The iron and steel sector contracted by 2.5%, which detracted 0.6 percentage points from overall manufacturing growth. Additionally, the wood and wood products industry declined by 7.9%, further reducing growth by 0.8 percentage points. The motor vehicles, parts and accessories, and other transport equipment sector also contracted by 4.4%, contributing an additional 0.4 percentage points to the overall decline in manufacturing output for November. These sectors were among the primary contributors to the industry’s poor performance.
Conversely, seasonally adjusted manufacturing production increased by 0.6% for the three months ending in November 2025 compared to the previous three months ending in August. Out of ten industries, six reported growths, with notable contributions from:
- Basic iron and steel, non-ferrous metal products, metal products, and machinery, which grew by 2.0%, contributing 0.4 percentage points.
- Petroleum, chemical products, rubber, and plastic products, which expanded by 2.1%, adding 0.4 percentage points.
- Furniture and ‘other’ manufacturing, which increased by 7.5%, contributing 0.3 percentage points.
Seasonally adjusted manufacturing sales also rose by 0.1% over the same three-month period compared to the previous rolling quarter, with significant increases in:
- Basic iron and steel, non-ferrous metal products, metal products, and machinery, which grew by 3.7%, adding 0.7 percentage points.
- The furniture and ‘other’ manufacturing division, which expanded by 9.5%, contributing 0.4 percentage points.
Manufacturing is a crucial component of South Africa’s economy, employing approximately 1.6 million people and accounting for 12.5% of the GDP in 2024. Employment slightly decreased from 1.672 million in Q2 2025 to 1.610 million in Q3 2025. Nonetheless, GDP figures for the third quarter reflect a 0.3% quarterly increase in the manufacturing sector’s output. Challenges are expected to arise from the third quarter onwards, partly due to US trade tariffs affecting production, sales, and employment.

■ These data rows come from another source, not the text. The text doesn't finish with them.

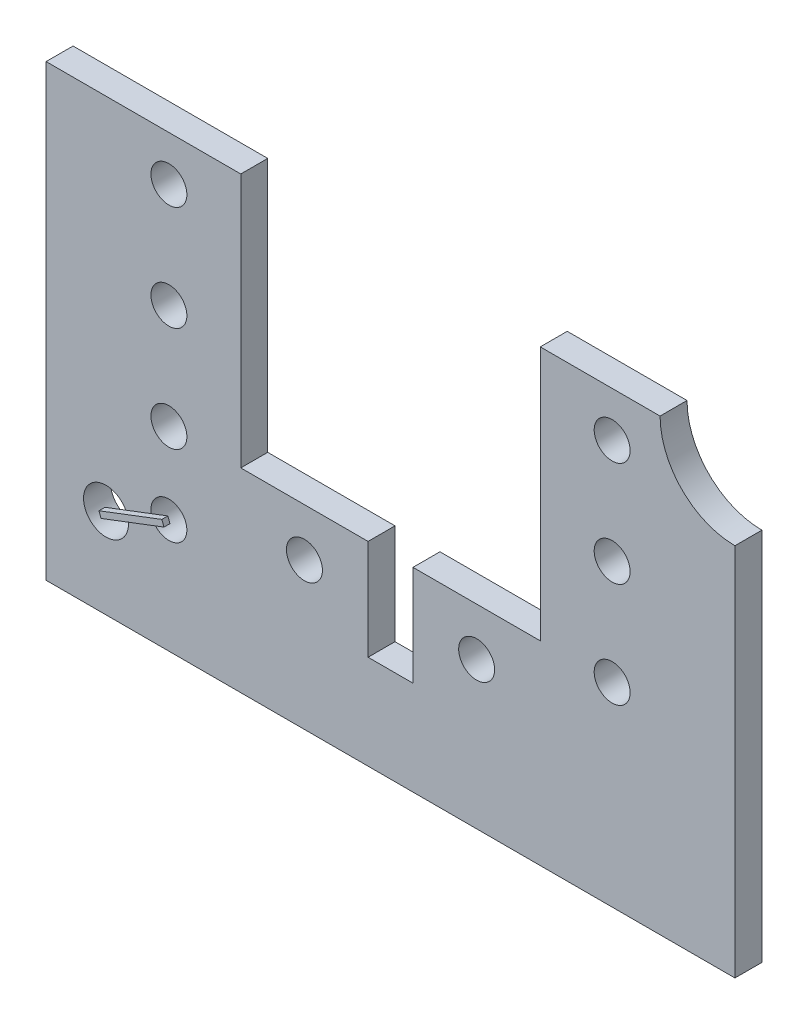
ISO-10303-21;
HEADER;
FILE_DESCRIPTION(('STEP AP214'),'2;1');
FILE_NAME('part.step','',(''),(''),'','','');
FILE_SCHEMA(('AUTOMOTIVE_DESIGN { 1 0 10303 214 1 1 1 1 }'));
ENDSEC;
DATA;
#1=APPLICATION_CONTEXT('core data for automotive mechanical design processes');
#2=APPLICATION_PROTOCOL_DEFINITION('international standard','automotive_design',2000,#1);
#3=PRODUCT_CONTEXT('',#1,'mechanical');
#4=PRODUCT('Part','Part','',(#3));
#5=PRODUCT_RELATED_PRODUCT_CATEGORY('part','',(#4));
#6=PRODUCT_DEFINITION_FORMATION('','',#4);
#7=PRODUCT_DEFINITION_CONTEXT('part definition',#1,'design');
#8=PRODUCT_DEFINITION('design','',#6,#7);
#9=PRODUCT_DEFINITION_SHAPE('','',#8);
#10=(LENGTH_UNIT() NAMED_UNIT(*) SI_UNIT(.MILLI.,.METRE.));
#11=(NAMED_UNIT(*) PLANE_ANGLE_UNIT() SI_UNIT($,.RADIAN.));
#12=(NAMED_UNIT(*) SI_UNIT($,.STERADIAN.) SOLID_ANGLE_UNIT());
#13=UNCERTAINTY_MEASURE_WITH_UNIT(LENGTH_MEASURE(1.E-05),#10,'distance_accuracy_value','');
#14=(GEOMETRIC_REPRESENTATION_CONTEXT(3) GLOBAL_UNCERTAINTY_ASSIGNED_CONTEXT((#13)) GLOBAL_UNIT_ASSIGNED_CONTEXT((#10,
#11,#12)) REPRESENTATION_CONTEXT('',''));
#15=CARTESIAN_POINT('',(0.,0.,0.));
#16=DIRECTION('',(0.,0.,1.));
#17=DIRECTION('',(1.,0.,0.));
#18=AXIS2_PLACEMENT_3D('',#15,#16,#17);
#19=CARTESIAN_POINT('',(11.5,-3.5,-0.45));
#20=DIRECTION('',(0.,0.,1.));
#21=DIRECTION('',(1.,0.,0.));
#22=AXIS2_PLACEMENT_3D('',#19,#20,#21);
#23=PLANE('',#22);
#24=DIRECTION('',(-1.,0.,0.));
#25=VECTOR('',#24,1.);
#26=CARTESIAN_POINT('',(-5.,-12.,-0.45));
#27=LINE('',#26,#25);
#28=CARTESIAN_POINT('',(-0.75,-12.,-0.45));
#29=VERTEX_POINT('',#28);
#30=CARTESIAN_POINT('',(-5.,-12.,-0.45));
#31=VERTEX_POINT('',#30);
#32=EDGE_CURVE('E373',#29,#31,#27,.T.);
#33=ORIENTED_EDGE('',*,*,#32,.F.);
#34=DIRECTION('',(0.,-1.,0.));
#35=VECTOR('',#34,1.);
#36=CARTESIAN_POINT('',(-0.750000000000001,-3.5,-0.45));
#37=LINE('',#36,#35);
#38=CARTESIAN_POINT('',(-0.75,-15.35,-0.45));
#39=VERTEX_POINT('',#38);
#40=EDGE_CURVE('E415',#29,#39,#37,.T.);
#41=ORIENTED_EDGE('',*,*,#40,.T.);
#42=DIRECTION('',(1.,0.,0.));
#43=VECTOR('',#42,1.);
#44=CARTESIAN_POINT('',(11.5,-15.35,-0.45));
#45=LINE('',#44,#43);
#46=CARTESIAN_POINT('',(0.750000000000001,-15.35,-0.45));
#47=VERTEX_POINT('',#46);
#48=EDGE_CURVE('E409',#39,#47,#45,.T.);
#49=ORIENTED_EDGE('',*,*,#48,.T.);
#50=DIRECTION('',(0.,1.,0.));
#51=VECTOR('',#50,1.);
#52=CARTESIAN_POINT('',(0.750000000000001,-3.5,-0.45));
#53=LINE('',#52,#51);
#54=CARTESIAN_POINT('',(0.75,-12.,-0.45));
#55=VERTEX_POINT('',#54);
#56=EDGE_CURVE('E412',#47,#55,#53,.T.);
#57=ORIENTED_EDGE('',*,*,#56,.T.);
#58=CARTESIAN_POINT('',(5.,-12.,-0.45));
#59=VERTEX_POINT('',#58);
#60=EDGE_CURVE('E374',#59,#55,#27,.T.);
#61=ORIENTED_EDGE('',*,*,#60,.F.);
#62=DIRECTION('',(0.,-1.,0.));
#63=VECTOR('',#62,1.);
#64=CARTESIAN_POINT('',(5.,-3.5,-0.45));
#65=LINE('',#64,#63);
#66=CARTESIAN_POINT('',(5.,-3.5,-0.45));
#67=VERTEX_POINT('',#66);
#68=EDGE_CURVE('E371',#67,#59,#65,.T.);
#69=ORIENTED_EDGE('',*,*,#68,.F.);
#70=DIRECTION('',(-1.,0.,0.));
#71=VECTOR('',#70,1.);
#72=CARTESIAN_POINT('',(5.,-3.5,-0.45));
#73=LINE('',#72,#71);
#74=CARTESIAN_POINT('',(9.,-3.5,-0.45));
#75=VERTEX_POINT('',#74);
#76=EDGE_CURVE('E369',#75,#67,#73,.T.);
#77=ORIENTED_EDGE('',*,*,#76,.F.);
#78=CARTESIAN_POINT('',(11.5,-3.5,-0.45));
#79=DIRECTION('',(0.,0.,-1.));
#80=DIRECTION('',(1.,0.,0.));
#81=AXIS2_PLACEMENT_3D('',#78,#79,#80);
#82=CIRCLE('',#81,2.5);
#83=CARTESIAN_POINT('',(11.5,-6.,-0.45));
#84=VERTEX_POINT('',#83);
#85=EDGE_CURVE('E367',#84,#75,#82,.T.);
#86=ORIENTED_EDGE('',*,*,#85,.F.);
#87=DIRECTION('',(0.,1.,0.));
#88=VECTOR('',#87,1.);
#89=CARTESIAN_POINT('',(11.5,-18.5,-0.45));
#90=LINE('',#89,#88);
#91=CARTESIAN_POINT('',(11.5,-18.5,-0.45));
#92=VERTEX_POINT('',#91);
#93=EDGE_CURVE('E365',#92,#84,#90,.T.);
#94=ORIENTED_EDGE('',*,*,#93,.F.);
#95=DIRECTION('',(1.,0.,0.));
#96=VECTOR('',#95,1.);
#97=CARTESIAN_POINT('',(-11.5,-18.5,-0.45));
#98=LINE('',#97,#96);
#99=CARTESIAN_POINT('',(-11.5,-18.5,-0.45));
#100=VERTEX_POINT('',#99);
#101=EDGE_CURVE('E340',#100,#92,#98,.T.);
#102=ORIENTED_EDGE('',*,*,#101,.F.);
#103=DIRECTION('',(0.,-1.,0.));
#104=VECTOR('',#103,1.);
#105=CARTESIAN_POINT('',(-11.5,-3.5,-0.45));
#106=LINE('',#105,#104);
#107=CARTESIAN_POINT('',(-11.5,-3.5,-0.45));
#108=VERTEX_POINT('',#107);
#109=EDGE_CURVE('E345',#108,#100,#106,.T.);
#110=ORIENTED_EDGE('',*,*,#109,.F.);
#111=DIRECTION('',(-1.,0.,0.));
#112=VECTOR('',#111,1.);
#113=CARTESIAN_POINT('',(-9.,-3.5,-0.45));
#114=LINE('',#113,#112);
#115=CARTESIAN_POINT('',(-5.,-3.5,-0.45));
#116=VERTEX_POINT('',#115);
#117=EDGE_CURVE('E380',#116,#108,#114,.T.);
#118=ORIENTED_EDGE('',*,*,#117,.F.);
#119=DIRECTION('',(0.,1.,0.));
#120=VECTOR('',#119,1.);
#121=CARTESIAN_POINT('',(-5.,-3.5,-0.45));
#122=LINE('',#121,#120);
#123=EDGE_CURVE('E377',#31,#116,#122,.T.);
#124=ORIENTED_EDGE('',*,*,#123,.F.);
#125=EDGE_LOOP('',(#33,#41,#49,#57,#61,#69,#77,#86,#94,#102,#110,#118,#124));
#126=FACE_BOUND('',#125,.T.);
#127=CARTESIAN_POINT('',(7.4,-8.5,-0.45));
#128=DIRECTION('',(0.,0.,1.));
#129=DIRECTION('',(1.,0.,0.));
#130=AXIS2_PLACEMENT_3D('',#127,#128,#129);
#131=CIRCLE('',#130,0.6);
#132=CARTESIAN_POINT('',(8.,-8.5,-0.45));
#133=VERTEX_POINT('',#132);
#134=EDGE_CURVE('E274',#133,#133,#131,.T.);
#135=ORIENTED_EDGE('',*,*,#134,.T.);
#136=EDGE_LOOP('',(#135));
#137=FACE_BOUND('',#136,.T.);
#138=CARTESIAN_POINT('',(-7.4,-5.,-0.45));
#139=DIRECTION('',(0.,0.,1.));
#140=DIRECTION('',(1.,0.,0.));
#141=AXIS2_PLACEMENT_3D('',#138,#139,#140);
#142=CIRCLE('',#141,0.6);
#143=CARTESIAN_POINT('',(-6.8,-5.,-0.45));
#144=VERTEX_POINT('',#143);
#145=EDGE_CURVE('E286',#144,#144,#142,.T.);
#146=ORIENTED_EDGE('',*,*,#145,.T.);
#147=EDGE_LOOP('',(#146));
#148=FACE_BOUND('',#147,.T.);
#149=CARTESIAN_POINT('',(7.4,-12.,-0.45));
#150=DIRECTION('',(0.,0.,1.));
#151=DIRECTION('',(1.,0.,0.));
#152=AXIS2_PLACEMENT_3D('',#149,#150,#151);
#153=CIRCLE('',#152,0.6);
#154=CARTESIAN_POINT('',(7.99999999999999,-12.,-0.45));
#155=VERTEX_POINT('',#154);
#156=EDGE_CURVE('E290',#155,#155,#153,.T.);
#157=ORIENTED_EDGE('',*,*,#156,.T.);
#158=EDGE_LOOP('',(#157));
#159=FACE_BOUND('',#158,.T.);
#160=CARTESIAN_POINT('',(2.875,-13.6,-0.45));
#161=DIRECTION('',(0.,0.,1.));
#162=DIRECTION('',(1.,0.,0.));
#163=AXIS2_PLACEMENT_3D('',#160,#161,#162);
#164=CIRCLE('',#163,0.6);
#165=CARTESIAN_POINT('',(3.475,-13.6,-0.45));
#166=VERTEX_POINT('',#165);
#167=EDGE_CURVE('E294',#166,#166,#164,.T.);
#168=ORIENTED_EDGE('',*,*,#167,.T.);
#169=EDGE_LOOP('',(#168));
#170=FACE_BOUND('',#169,.T.);
#171=CARTESIAN_POINT('',(-7.4,-8.5,-0.45));
#172=DIRECTION('',(0.,0.,1.));
#173=DIRECTION('',(1.,0.,0.));
#174=AXIS2_PLACEMENT_3D('',#171,#172,#173);
#175=CIRCLE('',#174,0.6);
#176=CARTESIAN_POINT('',(-6.8,-8.5,-0.45));
#177=VERTEX_POINT('',#176);
#178=EDGE_CURVE('E306',#177,#177,#175,.T.);
#179=ORIENTED_EDGE('',*,*,#178,.T.);
#180=EDGE_LOOP('',(#179));
#181=FACE_BOUND('',#180,.T.);
#182=CARTESIAN_POINT('',(-7.4,-12.,-0.45));
#183=DIRECTION('',(0.,0.,1.));
#184=DIRECTION('',(1.,0.,0.));
#185=AXIS2_PLACEMENT_3D('',#182,#183,#184);
#186=CIRCLE('',#185,0.6);
#187=CARTESIAN_POINT('',(-6.8,-12.,-0.45));
#188=VERTEX_POINT('',#187);
#189=EDGE_CURVE('E311',#188,#188,#186,.T.);
#190=ORIENTED_EDGE('',*,*,#189,.T.);
#191=EDGE_LOOP('',(#190));
#192=FACE_BOUND('',#191,.T.);
#193=CARTESIAN_POINT('',(7.4,-5.,-0.45));
#194=DIRECTION('',(0.,0.,1.));
#195=DIRECTION('',(1.,0.,0.));
#196=AXIS2_PLACEMENT_3D('',#193,#194,#195);
#197=CIRCLE('',#196,0.6);
#198=CARTESIAN_POINT('',(8.,-5.,-0.45));
#199=VERTEX_POINT('',#198);
#200=EDGE_CURVE('E315',#199,#199,#197,.T.);
#201=ORIENTED_EDGE('',*,*,#200,.T.);
#202=EDGE_LOOP('',(#201));
#203=FACE_BOUND('',#202,.T.);
#204=CARTESIAN_POINT('',(-9.5,-15.5,-0.45));
#205=DIRECTION('',(0.,0.,1.));
#206=DIRECTION('',(1.,0.,0.));
#207=AXIS2_PLACEMENT_3D('',#204,#205,#206);
#208=CIRCLE('',#207,0.75);
#209=CARTESIAN_POINT('',(-8.75,-15.5,-0.45));
#210=VERTEX_POINT('',#209);
#211=EDGE_CURVE('E40',#210,#210,#208,.T.);
#212=ORIENTED_EDGE('',*,*,#211,.T.);
#213=EDGE_LOOP('',(#212));
#214=FACE_BOUND('',#213,.T.);
#215=DIRECTION('',(-0.971700915312232,-0.236214587147725,0.));
#216=VECTOR('',#215,1.);
#217=CARTESIAN_POINT('',(-2.84783532247801,-13.7117456052609,-0.45));
#218=LINE('',#217,#216);
#219=CARTESIAN_POINT('',(-3.42004671740088,-13.8508467178388,-0.45));
#220=VERTEX_POINT('',#219);
#221=CARTESIAN_POINT('',(-6.80062392755513,-14.672644492683,-0.45));
#222=VERTEX_POINT('',#221);
#223=EDGE_CURVE('E11',#220,#222,#218,.T.);
#224=ORIENTED_EDGE('',*,*,#223,.F.);
#225=CARTESIAN_POINT('',(-2.875,-13.6,-0.45));
#226=DIRECTION('',(0.,0.,1.));
#227=DIRECTION('',(1.,0.,0.));
#228=AXIS2_PLACEMENT_3D('',#225,#226,#227);
#229=CIRCLE('',#228,0.6);
#230=CARTESIAN_POINT('',(-3.47437607244486,-13.627355507317,-0.45));
#231=VERTEX_POINT('',#230);
#232=EDGE_CURVE('E301',#220,#231,#229,.T.);
#233=ORIENTED_EDGE('',*,*,#232,.T.);
#234=DIRECTION('',(-0.971700915312232,-0.236214587147725,0.));
#235=VECTOR('',#234,1.);
#236=CARTESIAN_POINT('',(-2.90216467752199,-13.4882543947391,-0.45));
#237=LINE('',#236,#235);
#238=CARTESIAN_POINT('',(-6.85495328259911,-14.4491532821612,-0.45));
#239=VERTEX_POINT('',#238);
#240=EDGE_CURVE('E45',#231,#239,#237,.T.);
#241=ORIENTED_EDGE('',*,*,#240,.T.);
#242=CARTESIAN_POINT('',(-7.4,-14.7,-0.45));
#243=DIRECTION('',(0.,0.,1.));
#244=DIRECTION('',(1.,0.,0.));
#245=AXIS2_PLACEMENT_3D('',#242,#243,#244);
#246=CIRCLE('',#245,0.6);
#247=EDGE_CURVE('E298',#239,#222,#246,.T.);
#248=ORIENTED_EDGE('',*,*,#247,.T.);
#249=EDGE_LOOP('',(#224,#233,#241,#248));
#250=FACE_BOUND('',#249,.T.);
#251=ADVANCED_FACE('F36',(#126,#137,#148,#159,#170,#181,#192,#203,#214,#250),#23,.F.);
#252=CARTESIAN_POINT('',(11.5,-3.5,0.45));
#253=DIRECTION('',(0.,0.,1.));
#254=DIRECTION('',(1.,0.,0.));
#255=AXIS2_PLACEMENT_3D('',#252,#253,#254);
#256=PLANE('',#255);
#257=CARTESIAN_POINT('',(7.4,-5.,0.45));
#258=DIRECTION('',(0.,0.,1.));
#259=DIRECTION('',(1.,0.,0.));
#260=AXIS2_PLACEMENT_3D('',#257,#258,#259);
#261=CIRCLE('',#260,0.6);
#262=CARTESIAN_POINT('',(8.,-5.,0.45));
#263=VERTEX_POINT('',#262);
#264=EDGE_CURVE('E316',#263,#263,#261,.T.);
#265=ORIENTED_EDGE('',*,*,#264,.F.);
#266=EDGE_LOOP('',(#265));
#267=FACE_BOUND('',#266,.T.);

Despite positive developments in several industries, business owners are exercising caution due to concerns over US tariffs on exports and ongoing US-China trade tensions. This cautious sentiment is likely to be exacerbated by the recent implementation of a 30% tariff on South African goods entering the US market, effective from August 7, 2025. However, companies are maintaining substantial cash reserves, approximately R1.8 trillion, compared to R1.1 trillion in the first quarter of 2025, according to the Reserve Bank. This reflects a prudent approach amid current domestic and global economic uncertainties in the short to medium term.